Poh Huat’s FY17 core net profit of RM58.2m (+15% yoy) came in above our expectation but within consensus, due to a higher-than-expected contribution from the Malaysian operation. We expect Poh Huat to continue to benefit from higher furniture sales to the USA, its largest export market. We like the stock as we believe earnings will continue to grow driven by its rising office and home furniture sales trend. Our 12- month TP on Poh Huat is now higher at RM2.48 due to our earnings upgrade. We maintain a BUY call on the stock.

FY17 Results Above Our Expectation

Poh Huat’s FY17 revenue grew by 14.8% yoy to RM614.3m, driven by higher shipping volume for both Malaysian and Vietnamese operations due to the continued strong orders from the USA and North American importers. The strong shipment was attributable to the successful launch of several ranges of new models including the panel-based bedroom sets. However, its EBITDA margin weakened in FY17 by 0.2 ppt yoy to 12.7%, mainly attributable to the increase in raw-material costs, particularly for wood, hardware and finishing materials. The commencement of production of several new ranges of furniture products has also resulted in lower manufacturing efficiency and labour productivity during the initial adjustment period. After excluding for one-off items, FY17 core net profit amounted to RM58.2m, higher by 15.0% yoy. FY17 core net profit was above our expectation but within consensus, accounting for 109% of our previous 2017 forecast and 101% of the street’s. The variance was due to a higher-than-expected contribution from the Malaysian operation. Poh Huat declared a final DPS of 3 sen, bringing FY17 DPS to 8 sen (FY16 DPS: 8 sen).

4QFY17 Core Net Profit Increased by 97.3% Qoq to RM19.2m

Sequentially, Poh Huat’s 4QFY17 revenue increased by 13.3% qoq to RM171.7m, attributable to the higher contributions from Malaysia and Vietnam but partially offset by a lower contribution from South Africa. The Malaysian and Vietnamese operation’s revenue increased by 20.9% and 8.8% qoq, respectively, to RM70.1m and RM101.3m, while revenue from South Africa declined by 27.6% qoq to RM0.21m. After excluding for oneoff items, core net profit increased by 97.3% qoq to RM19.2m.

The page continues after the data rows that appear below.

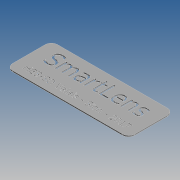
# Autodesk Inventor part: P306PlaqueLogo
Saved by Autodesk Inventor 2015 SP1 (Build 190203100, 203)
## iProperties
Created: 2017-01-31
Part Number: P306PlaqueLogo
Material: Générique
Document SubType Name: Modeling
Designer: serge.amoos
Density: 1 g/cm^3
Appearance: Par défaut
Author: serge.amoos
Autodesk Inventor part; units mm, degrees
ref_plane "YZ Plane" through (0, 0, 0) normal (1, 0, 0) x (0, 1, 0)
ref_plane "XZ Plane" through (0, 0, 0) normal (0, 1, 0) x (-1, 0, 0)
ref_plane "XY Plane" through (0, 0, 0) normal (0, 0, 1) x (1, 0, 0)
sketch "Sketch1" plane through (0, 0, 0) normal (0, 0, 1) x (1, 0, 0)
  line L0 (-27.65, 0) -> (27.65, 0) construction
  line L1 (0, -10.15) -> (0, 10.15) construction
  line L2 (-19.75, 7.25) -> (19.75, 7.25)
  line L3 (19.75, 7.25) -> (19.75, -7.25)
  line L4 (19.75, -7.25) -> (-19.75, -7.25)
  line L5 (-19.75, -7.25) -> (-19.75, 7.25)
  point P0 (0, 0)
  point P1 (0, 7.25)
  point P2 (19.75, 0)
  dimension "d0" = 39.5
  dimension "d1" = 14.5
  constraints: 8 end point, 2 midpoint, 2 parallel, 2 point on line, 1 horizontal, 1 perpendicular
  measures "d0" distance of L2.start L2.end
  measures "d1" distance of L2.end L3.end
extrude "Extrusion1" add sketch "Sketch1" along normal blind 0.4
fillet "Fillet1" radius 2 4 edges at (19.75, -7.25, 0.2) (19.75, 7.25, 0.2) (-19.75, 7.25, 0.2) (-19.75, -7.25, 0.2)
sketch "Sketch2" plane through (0, 0, 0.4) normal (0, 0, 1) x (1, 0, 0)
  line L0 (-29.6663, 8.3891) -> (29.6663, 8.3891) construction
  line L1 (29.6663, 8.3891) -> (29.6663, -8.3891) construction
  line L2 (29.6663, -8.3891) -> (-29.6663, -8.3891) construction
  line L3 (-29.6663, -8.3891) -> (-29.6663, 8.3891) construction
  line L4 (19.75, -5.25) -> (19.75, 5.25) projected
  line L5 (17.75, 7.25) -> (-17.75, 7.25) projected
  spline S0 degree 2 poles (-14.066, 0.0243) (-14.609, 0.0243) (-15.3707, 0.2512) (-15.707, 0.4133) knots 0 0 0 1 2 2 2
  line L6 (-15.707, 0.4133) -> (-15.707, 1.248)
  line L7 (-15.707, 1.248) -> (-15.6584, 1.248)
  spline S1 degree 2 poles (-15.6584, 1.248) (-15.3302, 0.94) (-14.4996, 0.5997) (-14.1147, 0.5997) knots 0 0 0 1 2 2 2
  spline S2 degree 2 poles (-14.1147, 0.5997) (-13.5636, 0.5997) (-13.0004, 1.0575) (-13.0004, 1.4343) knots 0 0 0 1 2 2 2
  spline S3 degree 2 poles (-13.0004, 1.4343) (-13.0004, 1.7342) (-13.2962, 2.1069) (-13.6163, 2.2001) knots 0 0 0 1 2 2 2
  spline S4 degree 2 poles (-13.6163, 2.2001) (-13.8472, 2.265) (-14.2322, 2.3541) (-14.5199, 2.427) knots 0 0 0 1 2 2 2
  spline S5 degree 2 poles (-14.5199, 2.427) (-14.7792, 2.4959) (-15.1884, 2.7026) (-15.3464, 2.8687) knots 0 0 0 1 2 2 2
  spline S6 degree 2 poles (-15.3464, 2.8687) (-15.5004, 3.0348) (-15.6706, 3.4805) (-15.6706, 3.7723) knots 0 0 0 1 2 2 2
  spline S7 degree 2 poles (-15.6706, 3.7723) (-15.6706, 4.38) (-14.7224, 5.2026) (-13.9891, 5.2026) knots 0 0 0 1 2 2 2
  spline S8 degree 2 poles (-13.9891, 5.2026) (-13.5677, 5.2026) (-12.8221, 5.0364) (-12.502, 4.8784) knots 0 0 0 1 2 2 2
  line L8 (-12.502, 4.8784) -> (-12.502, 4.0843)
  line L9 (-12.502, 4.0843) -> (-12.5506, 4.0843)
  spline S9 degree 2 poles (-12.5506, 4.0843) (-12.7897, 4.3031) (-13.5353, 4.6272) (-13.9445, 4.6272) knots 0 0 0 1 2 2 2
  spline S10 degree 2 poles (-13.9445, 4.6272) (-14.4064, 4.6272) (-14.9777, 4.1937) (-14.9777, 3.8411) knots 0 0 0 1 2 2 2
  spline S11 degree 2 poles (-14.9777, 3.8411) (-14.9777, 3.5251) (-14.6414, 3.1483) (-14.3254, 3.0632) knots 0 0 0 1 2 2 2
  spline S12 degree 2 poles (-14.3254, 3.0632) (-14.1147, 3.0065) (-13.5028, 2.8606) (-13.3002, 2.7998) knots 0 0 0 1 2 2 2
  spline S13 degree 2 poles (-13.3002, 2.7998) (-12.7857, 2.6418) (-12.3075, 2.0057) (-12.3075, 1.5397) knots 0 0 0 1 2 2 2
  spline S14 degree 2 poles (-12.3075, 1.5397) (-12.3075, 1.2439) (-12.5466, 0.6766) (-12.7613, 0.4781) knots 0 0 0 1 2 2 2
  spline S15 degree 2 poles (-12.7613, 0.4781) (-13.0004, 0.2593) (-13.6082, 0.0243) (-14.066, 0.0243) knots 0 0 0 1 2 2 2
  line L10 (-7.425, 0.1134) -> (-7.425, 2.2852)
  spline S16 degree 2 poles (-7.425, 2.2852) (-7.425, 2.5446) (-7.4656, 2.9862) (-7.5304, 3.1078) knots 0 0 0 1 2 2 2
  spline S17 degree 2 poles (-7.5304, 3.1078) (-7.5952, 3.2415) (-7.8424, 3.3711) (-8.0571, 3.3711) knots 0 0 0 1 2 2 2
  spline S18 degree 2 poles (-8.0571, 3.3711) (-8.2516, 3.3711) (-8.6973, 3.1321) (-8.9323, 2.9052) knots 0 0 0 1 2 2 2
  spline S19 degree 2 poles (-8.9323, 2.9052) (-8.9283, 2.8484) (-8.9202, 2.6904) (-8.9202, 2.5851) knots 0 0 0 1 2 2 2
  line L11 (-8.9202, 2.5851) -> (-8.9202, 0.1134)
  line L12 (-8.9202, 0.1134) -> (-9.5523, 0.1134)
  line L13 (-9.5523, 0.1134) -> (-9.5523, 2.2852)
  spline S20 degree 2 poles (-9.5523, 2.2852) (-9.5523, 2.5446) (-9.5928, 2.9862) (-9.6576, 3.1078) knots 0 0 0 1 2 2 2
  spline S21 degree 2 poles (-9.6576, 3.1078) (-9.7224, 3.2415) (-9.9696, 3.3711) (-10.1844, 3.3711) knots 0 0 0 1 2 2 2
  spline S22 degree 2 poles (-10.1844, 3.3711) (-10.387, 3.3711) (-10.8367, 3.1159) (-11.0474, 2.9173) knots 0 0 0 1 2 2 2
  line L14 (-11.0474, 2.9173) -> (-11.0474, 0.1134)
  line L15 (-11.0474, 0.1134) -> (-11.6795, 0.1134)
  line L16 (-11.6795, 0.1134) -> (-11.6795, 3.8655)
  line L17 (-11.6795, 3.8655) -> (-11.0474, 3.8655)
  line L18 (-11.0474, 3.8655) -> (-11.0474, 3.4522)
  spline S23 degree 2 poles (-11.0474, 3.4522) (-10.8002, 3.6993) (-10.314, 3.9708) (-10.0223, 3.9708) knots 0 0 0 1 2 2 2
  spline S24 degree 2 poles (-10.0223, 3.9708) (-9.69, 3.9708) (-9.1754, 3.6669) (-9.0417, 3.3225) knots 0 0 0 1 2 2 2
  spline S25 degree 2 poles (-9.0417, 3.3225) (-8.7541, 3.6426) (-8.2111, 3.9708) (-7.8951, 3.9708) knots 0 0 0 1 2 2 2
  spline S26 degree 2 poles (-7.8951, 3.9708) (-7.6519, 3.9708) (-7.2549, 3.8209) (-7.109, 3.6507) knots 0 0 0 1 2 2 2
  spline S27 degree 2 poles (-7.109, 3.6507) (-6.9591, 3.4805) (-6.7929, 2.97) (-6.7929, 2.5851) knots 0 0 0 1 2 2 2
  line L19 (-6.7929, 2.5851) -> (-6.7929, 0.1134)
  line L20 (-6.7929, 0.1134) -> (-7.425, 0.1134)
  spline S28 degree 2 poles (-3.8148, 0.5105) (-3.8918, 0.4538) (-4.1511, 0.2512) (-4.2727, 0.1904) knots 0 0 0 1 2 2 2
  spline S29 degree 2 poles (-4.2727, 0.1904) (-4.4388, 0.1013) (-4.7508, 0.0081) (-5.0344, 0.0081) knots 0 0 0 1 2 2 2
  spline S30 degree 2 poles (-5.0344, 0.0081) (-5.2654, 0.0081) (-5.6827, 0.1823) (-5.8408, 0.3403) knots 0 0 0 1 2 2 2
  spline S31 degree 2 poles (-5.8408, 0.3403) (-5.9907, 0.4943) (-6.173, 0.9481) (-6.173, 1.1993) knots 0 0 0 1 2 2 2
  spline S32 degree 2 poles (-6.173, 1.1993) (-6.173, 1.5883) (-5.8448, 2.1394) (-5.4882, 2.2974) knots 0 0 0 1 2 2 2
  spline S33 degree 2 poles (-5.4882, 2.2974) (-5.1722, 2.4433) (-4.3132, 2.5527) (-3.8148, 2.581) knots 0 0 0 1 2 2 2
  line L21 (-3.8148, 2.581) -> (-3.8148, 2.7026)
  spline S34 degree 2 poles (-3.8148, 2.7026) (-3.8148, 2.9214) (-3.9485, 3.1928) (-4.0701, 3.2698) knots 0 0 0 1 2 2 2
  spline S35 degree 2 poles (-4.0701, 3.2698) (-4.1917, 3.3468) (-4.5401, 3.3954) (-4.7265, 3.3954) knots 0 0 0 1 2 2 2
  spline S36 degree 2 poles (-4.7265, 3.3954) (-4.9453, 3.3954) (-5.5369, 3.2658) (-5.8327, 3.1402) knots 0 0 0 1 2 2 2
  line L22 (-5.8327, 3.1402) -> (-5.8691, 3.1402)
  line L23 (-5.8691, 3.1402) -> (-5.8691, 3.7844)
  spline S37 degree 2 poles (-5.8691, 3.7844) (-5.6949, 3.833) (-5.0425, 3.9546) (-4.7224, 3.9546) knots 0 0 0 1 2 2 2
  spline S38 degree 2 poles (-4.7224, 3.9546) (-4.3335, 3.9546) (-3.8027, 3.833) (-3.592, 3.675) knots 0 0 0 1 2 2 2
  spline S39 degree 2 poles (-3.592, 3.675) (-3.3853, 3.5211) (-3.1827, 3.0308) (-3.1827, 2.6783) knots 0 0 0 1 2 2 2
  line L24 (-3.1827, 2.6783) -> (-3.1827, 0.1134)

Maintain BUY With a Higher TP of RM2.48

Given the stronger-than-expected FY17 results, we have raised our FY18- 19E core EPS forecasts by 2-4%, mainly to account for higher contribution from the Malaysian operation. We also introduce our FY20E core EPS of 30.7 sen. Due to our upward revision of earnings, our 12-month target price for Poh Huat is now higher at RM2.48 (up from RM2.39), based on an unchanged PER of 9x on our FY18E core EPS. We continue to like Poh Huat as we opine that growth prospects from its existing business markets and expansion into new markets like Australia offer decent earnings catalysts. In line with the sustained demand for furniture in the USA market, Poh Huat’s largest export market, the company has continued to enjoy strong orders from customers from the USA for both the office and home furniture segments. Maintain BUY call on the stock.

Key Risks

The downside risks to our BUY rating would be: 1) major cut in the supply of rubberwood; 2) substantial increase in raw-material prices and labor costs; 3) substantial drop in furniture exports; 4) unfavourable policies curtailing furniture exports; 5) a sharp drop in ASPs for furniture products; and 5) weaker economic growth in key export markets curbing demand.